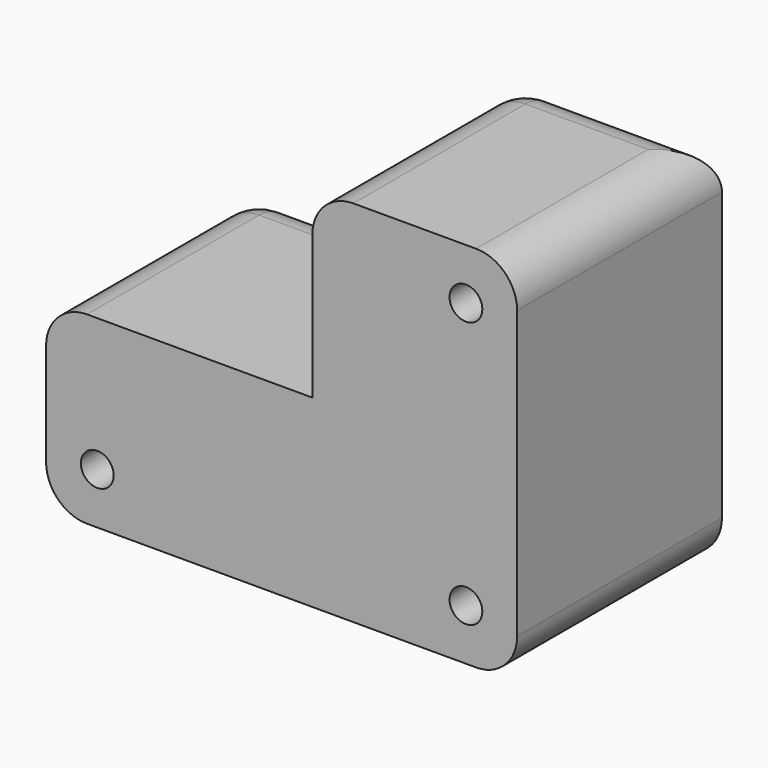
from build123d import *

# Parameters (mm, degrees)
F0_R         = 3.25
F0_R_2       = 1.6
F1_DEPTH     = 25
F2_DEPTH     = 15
F3_T1_DEPTH  = 24
F3_T3_DEPTH  = 22
F3_T5_DEPTH  = 14
F3_T7_DEPTH  = 26
F3_T9_DEPTH  = 31
F3_T11_DEPTH = 45
F3_S15_W     = 4
F3_S15_H     = 4
F3_T16_DEPTH = 4
F3_S21_W     = 4
F3_S21_H     = 4
F3_T22_DEPTH = 4
F3_T29_DEPTH = 32
F3_T33_DEPTH = 24


# Not quite as in the source:
# - a fillet or chamfer that OpenCascade refuses, or shapes differently, is made with other operations: its cross-section is extruded or revolved along the edge and cut away or added


with BuildPart() as f1:
    # F0 (on Front) → F1 (new body)
    with BuildSketch(Plane.XZ):
        Polygon((-23, 0), (-23, -18), (23, -18), (23, 18), (3, 18), (3, 0), align=None)
        with Locations((-18, -13)):
            Circle(F0_R, mode=Mode.SUBTRACT)
        with Locations((18, -13)):
            Circle(F0_R, mode=Mode.SUBTRACT)
        with Locations((18, 13)):
            Circle(F0_R, mode=Mode.SUBTRACT)
        with Locations((18, 13)):
            Circle(F0_R)
        with Locations((18, 13)):
            Circle(F0_R_2, mode=Mode.SUBTRACT)
        with Locations((18, -13)):
            Circle(F0_R)
        with Locations((18, -13)):
            Circle(F0_R_2, mode=Mode.SUBTRACT)
        with Locations((-18, -13)):
            Circle(F0_R)
        with Locations((-18, -13)):
            Circle(F0_R_2, mode=Mode.SUBTRACT)
    extrude(amount=F1_DEPTH)

    # F0 (on Front) → F2 (cut)
    with BuildSketch(Plane.XZ):
        with Locations((18, -13)):
            Circle(F0_R)
        with Locations((18, -13)):
            Circle(F0_R_2, mode=Mode.SUBTRACT)
        with Locations((-18, -13)):
            Circle(F0_R)
        with Locations((-18, -13)):
            Circle(F0_R_2, mode=Mode.SUBTRACT)
        with Locations((18, 13)):
            Circle(F0_R)
        with Locations((18, 13)):
            Circle(F0_R_2, mode=Mode.SUBTRACT)
    extrude(amount=F2_DEPTH, mode=Mode.SUBTRACT)

    # F3: fillet of radius 4 on 9 edges, made by hand

    # F3_s2 → F3_t1 (cut)
    with BuildSketch(Plane.XY.offset(-28)):
        with BuildLine():
            ThreePointArc((-23, -4), (-21.8284271247, -1.1715728753), (-19, 0))
            Line((-19, 0), (-23, 0))
            Line((-23, 0), (-23, -4))
        make_face()
    extrude(amount=F3_T1_DEPTH, mode=Mode.SUBTRACT)

    # F3_s4 → F3_t3 (cut)
    with BuildSketch(Plane.YZ.offset(-19)):
        with BuildLine():
            ThreePointArc((-4, 0), (-1.1715728753, -1.1715728753), (0, -4))
            Line((0, -4), (0, 0))
            Line((0, 0), (-4, 0))
        make_face()
    extrude(amount=F3_T3_DEPTH, mode=Mode.SUBTRACT)

    # F3_s6 → F3_t5 (cut)
    with BuildSketch(Plane.XY):
        with BuildLine():
            ThreePointArc((7, 0), (4.1715728753, -1.1715728753), (3, -4))
            Line((3, -4), (3, 0))
            Line((3, 0), (7, 0))
        make_face()
    extrude(amount=F3_T5_DEPTH, mode=Mode.SUBTRACT)

    # F3_s8 → F3_t7 (cut)
    with BuildSketch(Plane.YZ.offset(7)):
        with BuildLine():
            ThreePointArc((0, 14), (-1.1715728753, 16.8284271247), (-4, 18))
            Line((-4, 18), (0, 18))
            Line((0, 18), (0, 14))
        make_face()
    extrude(amount=F3_T7_DEPTH, mode=Mode.SUBTRACT)

    # F3_s10 → F3_t9 (cut)
    with BuildSketch(Plane.XZ.offset(4)):
        with BuildLine():
            ThreePointArc((-23, -4), (-21.8284271247, -1.1715728753), (-19, 0))
            Line((-19, 0), (-23, 0))
            Line((-23, 0), (-23, -4))
        make_face()
        with BuildLine():
            ThreePointArc((3, 14), (4.1715728753, 16.8284271247), (7, 18))
            Line((7, 18), (3, 18))
            Line((3, 18), (3, 14))
        make_face()
    extrude(amount=F3_T9_DEPTH, mode=Mode.SUBTRACT)

    # F3_s12 → F3_t11 (cut)
    with BuildSketch(Plane.XZ.offset(-10)):
        with BuildLine():
            ThreePointArc((-23, -14), (-21.8284271247, -16.8284271247), (-19, -18))
            Line((-19, -18), (-23, -18))
            Line((-23, -18), (-23, -14))
        make_face()
        with BuildLine():
            ThreePointArc((19, -18), (21.8284271247, -16.8284271247), (23, -14))
            Line((23, -14), (23, -18))
            Line((23, -18), (19, -18))
        make_face()
        with BuildLine():
            ThreePointArc((23, 14), (21.8284271247, 16.8284271247), (19, 18))
            Line((19, 18), (23, 18))
            Line((23, 18), (23, 14))
        make_face()
    extrude(amount=F3_T11_DEPTH, mode=Mode.SUBTRACT)


with BuildPart() as f3_tool14:
    # F3_s15 → F3_t16 (new body)
    with BuildSketch(Plane.YZ.offset(-19)):
        with Locations((-2, -2)):
            Rectangle(F3_S15_W, F3_S15_H)
    extrude(amount=-F3_T16_DEPTH)

    # F3_s17 → F3_t18 (revolve, cut)
    with BuildSketch(Plane(origin=(-19, -4, -4), x_dir=(0, -0.7071067812, -0.7071067812), z_dir=(0, 0.7071067812, -0.7071067812))):
        with BuildLine():
            ThreePointArc((0, -4), (4, 0), (0, 4))
            Line((0, 4), (0, -4))
        make_face()
    revolve(axis=Axis((-19, -4, -4), (-1, 0, 0)), mode=Mode.SUBTRACT)


with BuildPart() as f1_1:
    add(f1.part)

    # F3_t13: cut F3_tool14
    add(f3_tool14.part, mode=Mode.SUBTRACT)


with BuildPart() as f3_tool20:
    # F3_s21 → F3_t22 (new body)
    with BuildSketch(Plane.XZ.offset(4)):
        with Locations((5, 16)):
            Rectangle(F3_S21_W, F3_S21_H)
    extrude(amount=-F3_T22_DEPTH)

    # F3_s23 → F3_t24 (revolve, cut)
    with BuildSketch(Plane(origin=(7, -4, 14), x_dir=(0.7071067812, 0, -0.7071067812), z_dir=(0.7071067812, 0, 0.7071067812))):
        with BuildLine():
            ThreePointArc((0, -4), (4, 0), (0, 4))
            Line((0, 4), (0, -4))
        make_face()
    revolve(axis=Axis((7, -4, 14), (0, 1, 0)), mode=Mode.SUBTRACT)


with BuildPart() as f1_2:
    add(f1_1.part)

    # F3_t19: cut F3_tool20
    add(f3_tool20.part, mode=Mode.SUBTRACT)


with BuildPart() as f3_tool27:
    # F3_s28 → F3_t29 (new body)
    with BuildSketch(Plane.YZ.offset(13)):
        with BuildLine():
            ThreePointArc((-4, 0), (-1.1715728753, -1.1715728753), (0, -4))
            Line((0, -4), (0, 0))
            Line((0, 0), (-4, 0))
        make_face()
    extrude(amount=-F3_T29_DEPTH)

    split(bisect_by=Plane.YZ.offset(3), keep=Keep.TOP)


with BuildPart() as f3_tool31:
    # F3_s32 → F3_t33 (new body)
    with BuildSketch(Plane.XY.offset(14)):
        with BuildLine():
            ThreePointArc((7, 0), (4.1715728753, -1.1715728753), (3, -4))
            Line((3, -4), (3, 0))
            Line((3, 0), (7, 0))
        make_face()
    extrude(amount=-F3_T33_DEPTH)

    split(bisect_by=Plane.XY, keep=Keep.BOTTOM)


with BuildPart() as f3_tool27_1:
    add(f3_tool27.part)

    # F3_t35: intersect F3_tool31
    add(f3_tool31.part, mode=Mode.INTERSECT)


with BuildPart() as f1_3:
    add(f1_2.part)

    # F3_t25: cut F3_tool27
    add(f3_tool27_1.part, mode=Mode.SUBTRACT)


solid = f1_3.part
# # # # # # #
# [Exercise goal]
Within the listing above, how many lines contain "Rectangle"? Please respond with the number and nothing else.

# [Response]
2